Just then, out of nowhere, the doorbell rang. We were as silent as the tomb. “You go,” they said to me, but I wasn’t going anywhere.

“It’s not my house.”

It rang again, short and sharp, and a voice called out something through the edges of the door. At that, Kakie gathered her house dress around her and took off, squalling like a scalded cat. We knew she wasn’t kidding when she flattened the delivery boy in the doorway. Off she ran, out the front door and into the night.

“Sam’s Drug Store,” the boy finally said, and although we were more scared than we had ever been, we all remembered that Aunt Dot had said we should expect the package. The boy was about 15, with pimples. He didn’t have any scary aspect to him at all. We gradually calmed down, and one of us signed for the delivery. He looked like he was anxious to get away from us. The wind was picking up outside, and the dried autumn leaves whirled. We stood there a while longer, feeling a little foolish.

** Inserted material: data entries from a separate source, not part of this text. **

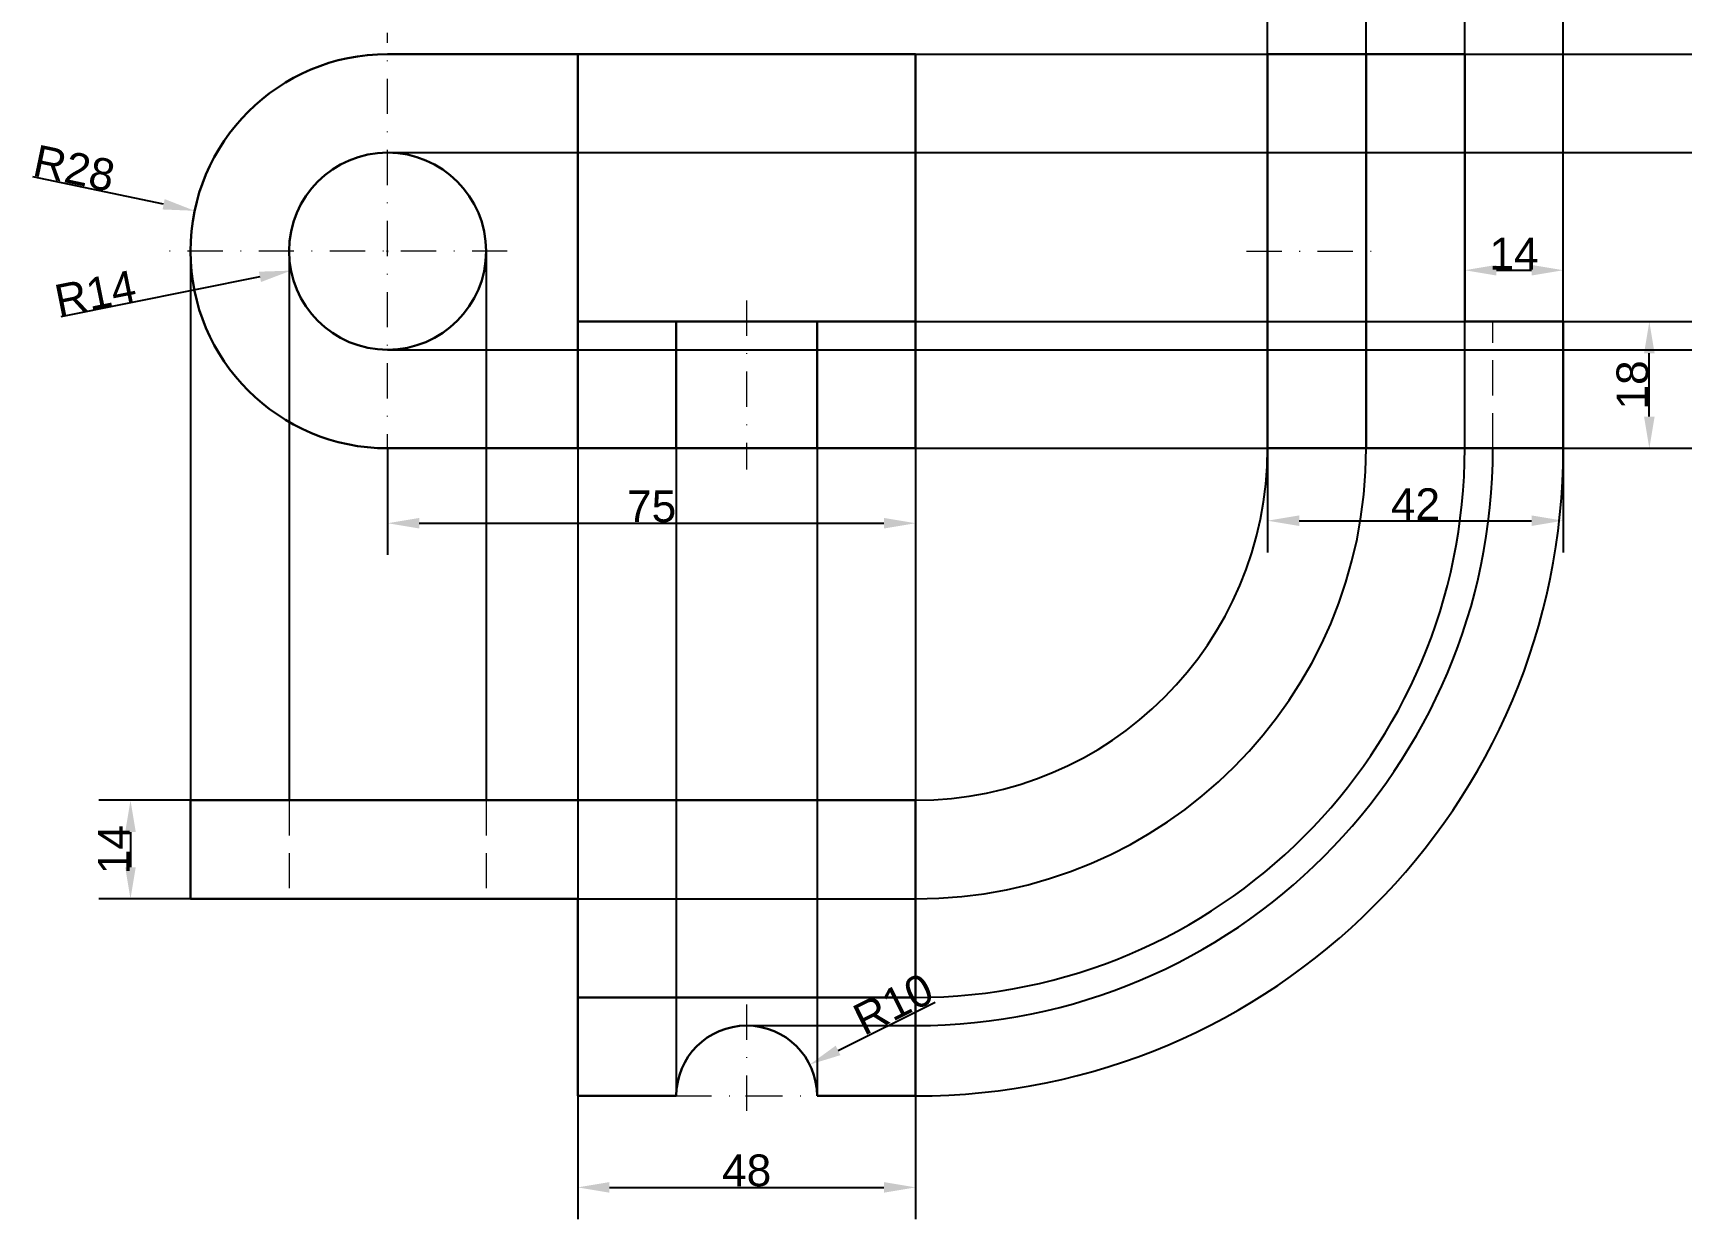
# Model space of a CAD drawing. Header units: inches. Extents: x -50 to 184, y -137 to 31.
import ezdxf

# ---------------------------------------------------------------- set-up
doc = ezdxf.new("R2010")
doc.units = ezdxf.units.IN
doc.header["$LTSCALE"] = 10
doc.header["$MEASUREMENT"] = 0
doc.linetypes.add('DASHDOT', pattern=[1, 0.5, -0.25, 0, -0.25])
doc.linetypes.add('DASHED', pattern=[0.75, 0.5, -0.25])
doc.layers.add('ajutator', color=83, linetype='Continuous')
for name, color, linetype, lineweight in [('contur', 164, 'Continuous', 30), ('cote', 240, 'DASHDOT', 20), ('nevazute', 170, 'DASHED', 20)]:
    doc.layers.add(name, color=color, linetype=linetype, lineweight=lineweight)
doc.styles.add('Text 4.5', font='arial.ttf')
doc.dimstyles.new('Cote 4.5', dxfattribs={"dimtxt": 4.5, "dimasz": 4.5, "dimexe": 4.5, "dimexo": 0, "dimgap": 0.09, "dimtad": 1, "dimdec": 0, "dimzin": 0, "dimdsep": 46, "dimtxsty": 'Text 4.5', "dimcen": 0.09, "dimadec": 0, "dimazin": 0, "dimtfac": 1, "dimtdec": 0, "dimtofl": 0, "dimtmove": 0, "dimatfit": 0, "dimfxl": 1, "dimtolj": 1, "dimtzin": 0, "dimarcsym": 1})

# ---------------------------------------------------------------- blocks, each defined once
blk = doc.blocks.new('*D1')
at = {"color": 0, "lineweight": -2, "transparency": 16777216}
for p, q in [((153, -10), (153, 1.8)), ((167, -10), (167, 1.8)), ((157.5, -2.7), (162.5, -2.7))]:
    blk.add_line(p, q, dxfattribs=at)
at = {"color": 0, "transparency": 16777216}
for points in [[(157.5, -1.95), (157.5, -3.45), (153, -2.7)], [(162.5, -1.95), (162.5, -3.45), (167, -2.7)]]:
    blk.add_solid(points, dxfattribs=at)
at = {"layer": 'Defpoints', "color": 0, "transparency": 16777216}
for p in [(167, -2.7), (153, -10), (167, -10)]:
    blk.add_point(p, dxfattribs=at)
at = {"color": 0, "transparency": 16777216, "insert": (160, -0.35), "char_height": 4.5, "attachment_point": 5, "style": 'Text 4.5'}
blk.add_mtext('\\A1;14', dxfattribs=at)
blk = doc.blocks.new('*D2')
at = {"color": 0, "lineweight": -2, "transparency": 16777216}
for p, q in [((167, -10), (183.72, -10)), ((179.22, -23.5), (179.22, -14.5)), ((167, -28), (183.72, -28))]:
    blk.add_line(p, q, dxfattribs=at)
at = {"color": 0, "transparency": 16777216}
for points in [[(178.47, -14.5), (179.97, -14.5), (179.22, -10)], [(178.47, -23.5), (179.97, -23.5), (179.22, -28)]]:
    blk.add_solid(points, dxfattribs=at)
at = {"layer": 'Defpoints', "color": 0, "transparency": 16777216}
for p in [(167, -10), (179.22, -10), (167, -28)]:
    blk.add_point(p, dxfattribs=at)
at = {"color": 0, "transparency": 16777216, "insert": (176.84, -19), "char_height": 4.5, "attachment_point": 5, "rotation": 90, "style": 'Text 4.5'}
blk.add_mtext('\\A1;18', dxfattribs=at)
blk = doc.blocks.new('*D3')
at = {"color": 0, "lineweight": -2, "transparency": 16777216}
for p, q in [((125, -28), (125, -42.78)), ((167, -28), (167, -42.78)), ((129.5, -38.28), (162.5, -38.28))]:
    blk.add_line(p, q, dxfattribs=at)
at = {"color": 0, "transparency": 16777216}
for points in [[(129.5, -37.53), (129.5, -39.03), (125, -38.28)], [(162.5, -37.53), (162.5, -39.03), (167, -38.28)]]:
    blk.add_solid(points, dxfattribs=at)
at = {"layer": 'Defpoints', "color": 0, "transparency": 16777216}
for p in [(125, -28), (167, -28), (167, -38.28)]:
    blk.add_point(p, dxfattribs=at)
at = {"color": 0, "transparency": 16777216, "insert": (146, -35.93), "char_height": 4.5, "attachment_point": 5, "style": 'Text 4.5'}
blk.add_mtext('\\A1;42', dxfattribs=at)
blk = doc.blocks.new('*D4')
at = {"color": 0, "lineweight": -2, "transparency": 16777216}
for p, q in [((63.98, -113.53), (77.78, -106.65)), ((50.91, -120), (51.09, -120)), ((51, -120.09), (51, -119.91))]:
    blk.add_line(p, q, dxfattribs=at)
at = {"color": 0, "transparency": 16777216}
blk.add_solid([(63.64, -112.86), (64.31, -114.2), (59.95, -115.54)], dxfattribs=at)
at = {"layer": 'Defpoints', "color": 0, "transparency": 16777216}
for p in [(59.95, -115.54), (51, -120)]:
    blk.add_point(p, dxfattribs=at)
at = {"color": 0, "transparency": 16777216, "insert": (71.83, -106.95), "char_height": 4.5, "attachment_point": 5, "rotation": 26.4923, "style": 'Text 4.5'}
blk.add_mtext('\\A1;R10', dxfattribs=at)
blk = doc.blocks.new('*D5')
at = {"color": 0, "lineweight": -2, "transparency": 16777216}
for p, q in [((-0.09, 0), (0.09, 0)), ((0, -0.09), (0, 0.09)), ((-18.14, -3.65), (-46.41, -9.33))]:
    blk.add_line(p, q, dxfattribs=at)
at = {"color": 0, "transparency": 16777216}
blk.add_solid([(-18.28, -2.91), (-17.99, -4.38), (-13.73, -2.76)], dxfattribs=at)
at = {"layer": 'Defpoints', "color": 0, "transparency": 16777216}
for p in [(0, 0), (-13.73, -2.76)]:
    blk.add_point(p, dxfattribs=at)
at = {"color": 0, "transparency": 16777216, "insert": (-41.52, -5.96), "char_height": 4.5, "attachment_point": 5, "rotation": 11.373, "style": 'Text 4.5'}
blk.add_mtext('\\A1;R14', dxfattribs=at)
blk = doc.blocks.new('*D6')
at = {"color": 0, "lineweight": -2, "transparency": 16777216}
for p, q in [((-31.81, 6.66), (-50.37, 10.55)), ((-0.09, 0), (0.09, 0)), ((0, -0.09), (0, 0.09))]:
    blk.add_line(p, q, dxfattribs=at)
at = {"color": 0, "transparency": 16777216}
blk.add_solid([(-31.66, 7.4), (-31.96, 5.93), (-27.41, 5.74)], dxfattribs=at)
at = {"layer": 'Defpoints', "color": 0, "transparency": 16777216}
for p in [(-27.41, 5.74), (0, 0)]:
    blk.add_point(p, dxfattribs=at)
at = {"color": 0, "transparency": 16777216, "insert": (-44.52, 11.77), "char_height": 4.5, "attachment_point": 5, "rotation": 348.169, "style": 'Text 4.5'}
blk.add_mtext('\\A1;R28', dxfattribs=at)
blk = doc.blocks.new('*D7')
at = {"color": 0, "lineweight": -2, "transparency": 16777216}
for p, q in [((0, -28), (0, -43.14)), ((75, -28), (75, -43.14)), ((4.5, -38.64), (70.5, -38.64))]:
    blk.add_line(p, q, dxfattribs=at)
at = {"color": 0, "transparency": 16777216}
for points in [[(4.5, -37.89), (4.5, -39.39), (0, -38.64)], [(70.5, -37.89), (70.5, -39.39), (75, -38.64)]]:
    blk.add_solid(points, dxfattribs=at)
at = {"layer": 'Defpoints', "color": 0, "transparency": 16777216}
for p in [(0, -28), (75, -28), (75, -38.64)]:
    blk.add_point(p, dxfattribs=at)
at = {"color": 0, "transparency": 16777216, "insert": (37.5, -36.26), "char_height": 4.5, "attachment_point": 5, "style": 'Text 4.5'}
blk.add_mtext('\\A1;75', dxfattribs=at)
blk = doc.blocks.new('*D8')
at = {"color": 0, "lineweight": -2, "transparency": 16777216}
for p, q in [((27, -120), (27, -137.48)), ((75, -120), (75, -137.48)), ((31.5, -132.98), (70.5, -132.98))]:
    blk.add_line(p, q, dxfattribs=at)
at = {"color": 0, "transparency": 16777216}
for points in [[(31.5, -132.23), (31.5, -133.73), (27, -132.98)], [(70.5, -132.23), (70.5, -133.73), (75, -132.98)]]:
    blk.add_solid(points, dxfattribs=at)
at = {"layer": 'Defpoints', "color": 0, "transparency": 16777216}
for p in [(27, -120), (75, -120), (75, -132.98)]:
    blk.add_point(p, dxfattribs=at)
at = {"color": 0, "transparency": 16777216, "insert": (51, -130.59), "char_height": 4.5, "attachment_point": 5, "style": 'Text 4.5'}
blk.add_mtext('\\A1;48', dxfattribs=at)
blk = doc.blocks.new('*D9')
at = {"color": 0, "lineweight": -2, "transparency": 16777216}
for p, q in [((-28, -78), (-41.02, -78)), ((-36.52, -82.5), (-36.52, -87.5)), ((-28, -92), (-41.02, -92))]:
    blk.add_line(p, q, dxfattribs=at)
at = {"color": 0, "transparency": 16777216}
for points in [[(-37.27, -82.5), (-35.77, -82.5), (-36.52, -78)], [(-37.27, -87.5), (-35.77, -87.5), (-36.52, -92)]]:
    blk.add_solid(points, dxfattribs=at)
at = {"layer": 'Defpoints', "color": 0, "transparency": 16777216}
for p in [(-28, -78), (-36.52, -92), (-28, -92)]:
    blk.add_point(p, dxfattribs=at)
at = {"color": 0, "transparency": 16777216, "insert": (-38.87, -85), "char_height": 4.5, "attachment_point": 5, "rotation": 90, "style": 'Text 4.5'}
blk.add_mtext('\\A1;14', dxfattribs=at)

msp = doc.modelspace()

# ---------------------------------------------------------------- linework, layer by layer
at = {"layer": 'ajutator'}
for p, q in [((-28, 0), (-28, -92)), ((-14, 0), (-14, -78)), ((14, 0), (14, -78)), ((27, -28), (27, -92)), ((41, -28), (41, -120)), ((61, -28), (61, -120)), ((75, -28), (75, -120)), ((27, -92), (75, -92)), ((51, -110), (75, -110))]:
    msp.add_line(p, q, dxfattribs=at)
for p, direction in [((125, -28), (0, 1)), ((139, -28), (0, 1)), ((153, -28), (0, 1)), ((167, -28), (0, 1)), ((75, 28), (1, 0)), ((0, 14), (1, 0)), ((75, -10), (1, 0)), ((0, -14), (1, 0)), ((75, -28), (1, 0))]:
    msp.add_ray(p, direction, dxfattribs=at)
for radius in [50, 64, 78, 92, 82]:
    msp.add_arc((75, -28), radius, 270, 0, dxfattribs=at)
at = {"layer": 'contur'}
for p, q in [((0, 28), (75, 28)), ((27, -28), (27, 28)), ((75, 28), (75, -28)), ((125, -28), (125, 28)), ((125, 28), (139, 28)), ((139, 28), (139, -28)), ((153, 28), (139, 28)), ((153, -10), (153, 28)), ((27, -10), (75, -10)), ((41, -28), (41, -10)), ((61, -28), (61, -10)), ((167, -10), (153, -10)), ((167, -28), (167, -10)), ((75, -28), (0, -28)), ((139, -28), (125, -28)), ((139, -28), (167, -28)), ((75, -78), (-28, -78)), ((-28, -92), (-28, -78)), ((75, -78), (75, -92)), ((27, -92), (-28, -92)), ((27, -106), (27, -92)), ((75, -92), (75, -106)), ((75, -106), (27, -106)), ((27, -120), (27, -106)), ((75, -106), (75, -120)), ((41, -120), (27, -120)), ((75, -120), (61, -120))]:
    msp.add_line(p, q, dxfattribs=at)
msp.add_circle((0, 0), 14, dxfattribs=at)
for centre, radius, start, end in [((0, 0), 28, 90, 270), ((51, -120), 10, 0, 180)]:
    msp.add_arc(centre, radius, start, end, dxfattribs=at)
at = {"layer": 'cote'}
for p, q in [((0, -31), (0, 31)), ((17, 0), (-31, 0)), ((122, 0), (142, 0)), ((51, -7), (51, -31)), ((51, -107), (51, -123)), ((41, -120), (61, -120))]:
    msp.add_line(p, q, dxfattribs=at)
at = {"layer": 'nevazute'}
for p, q in [((125, 14), (139, 14)), ((157, -28), (157, -10)), ((125, -14), (139, -14)), ((-14, -78), (-14, -92)), ((14, -78), (14, -92))]:
    msp.add_line(p, q, dxfattribs=at)

# ---------------------------------------------------------------- dimensions: what is measured, and where the dimension line sits
for center, mpoint, picture, middle in [((0, 0), (-27.41, 5.74), '*D6', (-45.01, 9.43)), ((0, 0), (-13.73, -2.76), '*D5', (-41.06, -8.26)), ((51, -120), (59.95, -115.54), '*D4', (72.89, -109.09))]:
    dim = msp.add_radius_dim(center=center, mpoint=mpoint, dimstyle='Cote 4.5')
    dim.commit()
    dim.dimension.update_dxf_attribs({"geometry": picture, "text_midpoint": middle, "dimtype": 164})
for base, p1, p2, picture, middle in [((167, -2.7), (153, -10), (167, -10), '*D1', (160, -0.35)), ((75, -132.98), (27, -120), (75, -120), '*D8', (51, -130.59))]:
    dim = msp.add_linear_dim(base=base, p1=p1, p2=p2, dimstyle='Cote 4.5')
    dim.commit()
    dim.dimension.update_dxf_attribs({"geometry": picture, "text_midpoint": middle})
dim = msp.add_linear_dim(base=(179.22, -10), p1=(167, -28), p2=(167, -10), angle=90, dimstyle='Cote 4.5')
dim.commit()
dim.dimension.update_dxf_attribs({"geometry": '*D2', "text_midpoint": (179.22, -19), "dimtype": 160})
for base, p1, p2, picture, middle in [((75, -38.64), (0, -28), (75, -28), '*D7', (37.5, -38.64)), ((167, -38.28), (125, -28), (167, -28), '*D3', (146, -38.28))]:
    dim = msp.add_linear_dim(base=base, p1=p1, p2=p2, dimstyle='Cote 4.5')
    dim.commit()
    dim.dimension.update_dxf_attribs({"geometry": picture, "text_midpoint": middle, "dimtype": 160})
dim = msp.add_linear_dim(base=(-36.52, -92), p1=(-28, -78), p2=(-28, -92), angle=90, dimstyle='Cote 4.5')
dim.commit()
dim.dimension.update_dxf_attribs({"geometry": '*D9', "text_midpoint": (-38.87, -85)})

doc.saveas('drawing.dxf')

Kakie didn’t come back for a long time. When she did, the grown-ups were waiting for her. “God a’mighty, Mother,” Aunt Dot said, not really angry so much as she was trying not to laugh. “You’re actin’ just like James Simmons.”

We all knew that James Simmons was a strange boy back in Tennessee who lived in the backwoods with his father and mother. Daddy said they’d march out of the trees in a straight line, Will in the front, Blanche in the middle, and little James bringing up the rear. According to Daddy there was simply no explanation for the Simmons family, and that’s what made them so funny. At the mention of James Simmons’s name, my father started laughing until the tears came to his eyes. Next the uncles joined in. Pretty soon, Kakie started laughing, too, her hand in front of her mouth, the creases around her eyes deep and full of fun. The thought crossed my mind that she might not have been as scared as she acted. She could have just run down to Daddy’s house and smoked a cigarette. You never knew with Kakie.

The story was told often after that, with the emphasis on Kakie running over the drug store delivery boy. It was told at every Christmas party or birthday get-together we had. My family never got tired of the stories they told, and though the stories changed here and there, maybe got exaggerated, or a character’s name altered occasionally, the cozy humor with which they were told remained the same, and repeating one of these tales even now is enough to make me feel I’ve been with them for the evening, enveloped in laughter and love and warmth.